Subgrantees shall complete annual progress reports and submit them to the State, which shall review them and submit them to OVW or as otherwise directed. In addition, the State shall complete an annual progress report, including an assessment of whether or not annual goals and objectives were achieved.
Because of the overall purpose of the STOP Program to enhance victim safety and offender accountability, grant funds may not be used to support activities that compromise victim safety and recovery. The grant program solicitation each year will provide examples of such activities.
This section implements 42 U.S.C. 3796gg-1(j), regarding reallocation of funds.
(a) Returned funds. A State may reallocate funds returned to the State, within a reasonable amount of time before the award end date.

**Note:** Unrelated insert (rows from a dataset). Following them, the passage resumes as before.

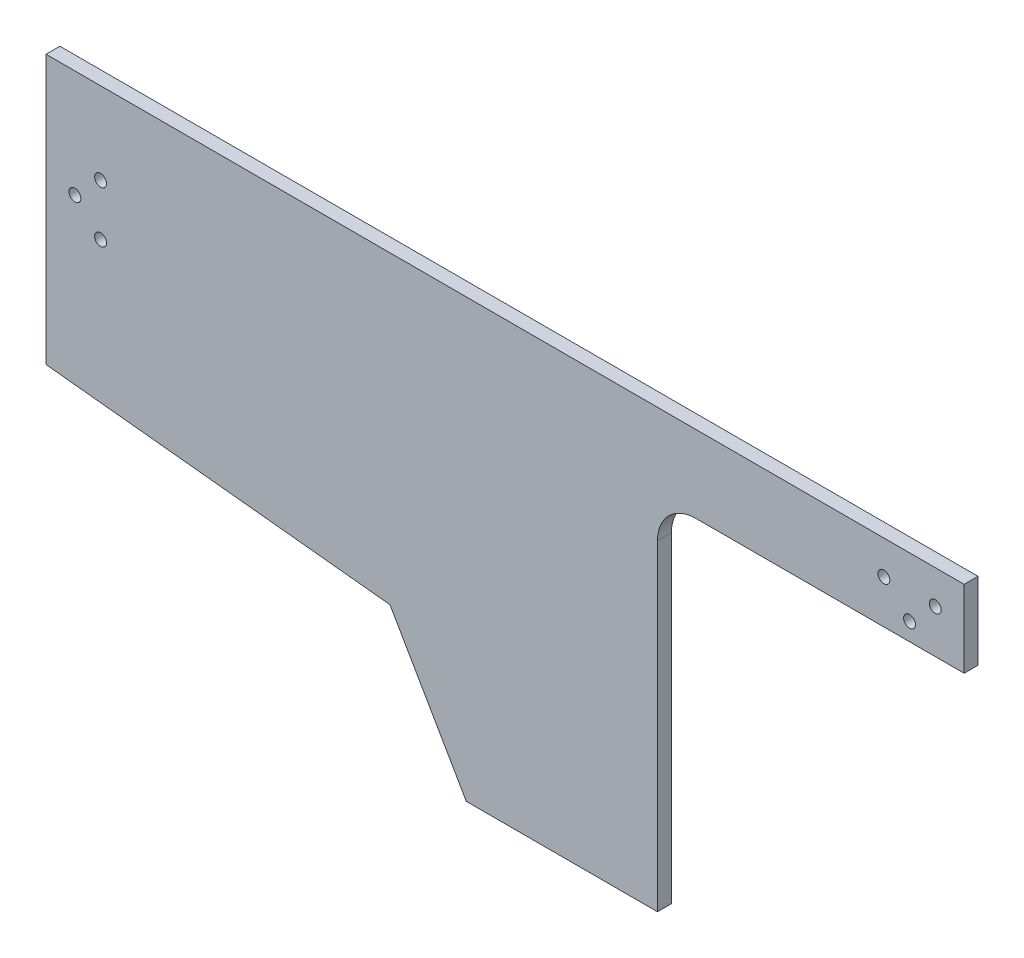
SolidWorks part; units mm, degrees
material "Acrylic (Medium-high impact)"
ref_plane "Front" through (0, 0, 0) normal (0, 0, 1) x (1, 0, 0)
ref_plane "Top" through (0, 0, 0) normal (0, 1, 0) x (1, 0, 0)
ref_plane "Right" through (0, 0, 0) normal (1, 0, 0) x (0, 0, -1)
ref_axis "side-side" through (80.9, 0, 0) along (-1, 0, 0)
ref_axis "up-down" through (0, 50, 0) along (0, -1, 0)
ref_axis "front-back" through (0, 0, -80.9) along (0, 0, 1)
sketch "Sketch1" plane through (0, 0, 0) normal (0, 0, 1) x (1, 0, 0)
  line L0 (-144, 0) -> (-144, 256)
  line L1 (-144, 0) -> (-144, 256) construction
  line L2 (47.48, 163.9531) -> (47.48, 126.6475) construction
  line L3 (47.48, 175) -> (47.48, 74.9035)
  line L4 (-12.0774, 74.9035) -> (-35.8425, 116.0657)
  line L5 (-35.8425, 116.0657) -> (-143, 127.289)
  line L6 (-31.7628, 95.529) -> (-143.0054, 107.1801) construction
  line L7 (143, 211) -> (-143, 211)
  line L8 (143.318, 256) -> (-143.318, 256) construction
  line L9 (144, 0) -> (144, 256)
  line L10 (144, 0) -> (144, 256) construction
  line L11 (59.48, 187) -> (143, 187)
  line L12 (143, 187) -> (143, 211)
  line L13 (143, 0) -> (143, 256) construction
  line L14 (-143, 127.289) -> (-143, 211)
  line L15 (-143, 0) -> (-143, 256) construction
  line L16 (-12.0774, 74.9035) -> (47.48, 74.9035)
  line L17 (42.4, 82.9035) -> (5.32, 82.9035) construction
  line L18 (0.24, 108.7312) -> (-24.74, 40.128) construction
  arc A0 (47.48, 175) -> (59.48, 187) centre (59.48, 175) cw
  circle A1 centre (-134, 177.5) radius 1.85 construction
  circle A2 centre (-126, 169.5) radius 1.85 construction
  circle A3 centre (-126, 185.5) radius 1.85 construction
  circle A4 centre (-134, 177.5) radius 1.85
  circle A5 centre (-126, 169.5) radius 1.85
  circle A6 centre (-126, 185.5) radius 1.85
  circle A7 centre (118, 200.5) radius 1.85 construction
  circle A8 centre (126, 192.5) radius 1.85 construction
  circle A9 centre (134, 200.5) radius 1.85 construction
  circle A10 centre (118, 200.5) radius 1.85
  circle A11 centre (126, 192.5) radius 1.85
  circle A12 centre (134, 200.5) radius 1.85
  dimension "D8" = 12
  dimension "D1" = 20
  dimension "D2" = 45
  dimension "D3" = 24
  dimension "D6" = 8
  dimension "D7" = 60
  dimension "D4" = 1
  dimension "D5" = 1
extrude "Boss-Extrude1" add sketch "Sketch1" along normal blind 4.318

(b) Insufficient eligible applications. A State may also reallocate funds if the State does not receive sufficient eligible applications to award the full funding under the allocations in 42 U.S.C. 3796gg-1(c)(4). An “eligible” application is one that is from an eligible entity that has the capacity to perform the proposed services, proposes activities within the scope of the program, and does not propose significant activities that compromise victim safety. States should have the following information on file to document the lack of sufficient eligible applications:
(1) A copy of their solicitation;
(2) Documentation on how the solicitation was distributed, including all outreach efforts to entities from the allocation in question, which entities the State reached out to that did not apply, and, if known, why those entities did not apply;
(3) An explanation of their selection process;
(4) A list of who participated in the selection process (name, title, and employer);
(5) Number of applications that were received for the specific allocation category;
(6) Information about the applications received, such as what agency or organization they were from, how much money they were requesting, and any reasons the applications were not funded;
(7) If applicable, letters from any relevant State-wide body explaining the lack of applications, such as from the State Court Administrator if the State is seeking to reallocate money from courts; and
(8) For the culturally specific allocation, in addition to the items in paragraphs (b)(1) through (7) of this section, demographic statistics of the relevant racial and ethnic minority groups within the State and documentation that the State has reached out to relevant organizations within the State or national organizations.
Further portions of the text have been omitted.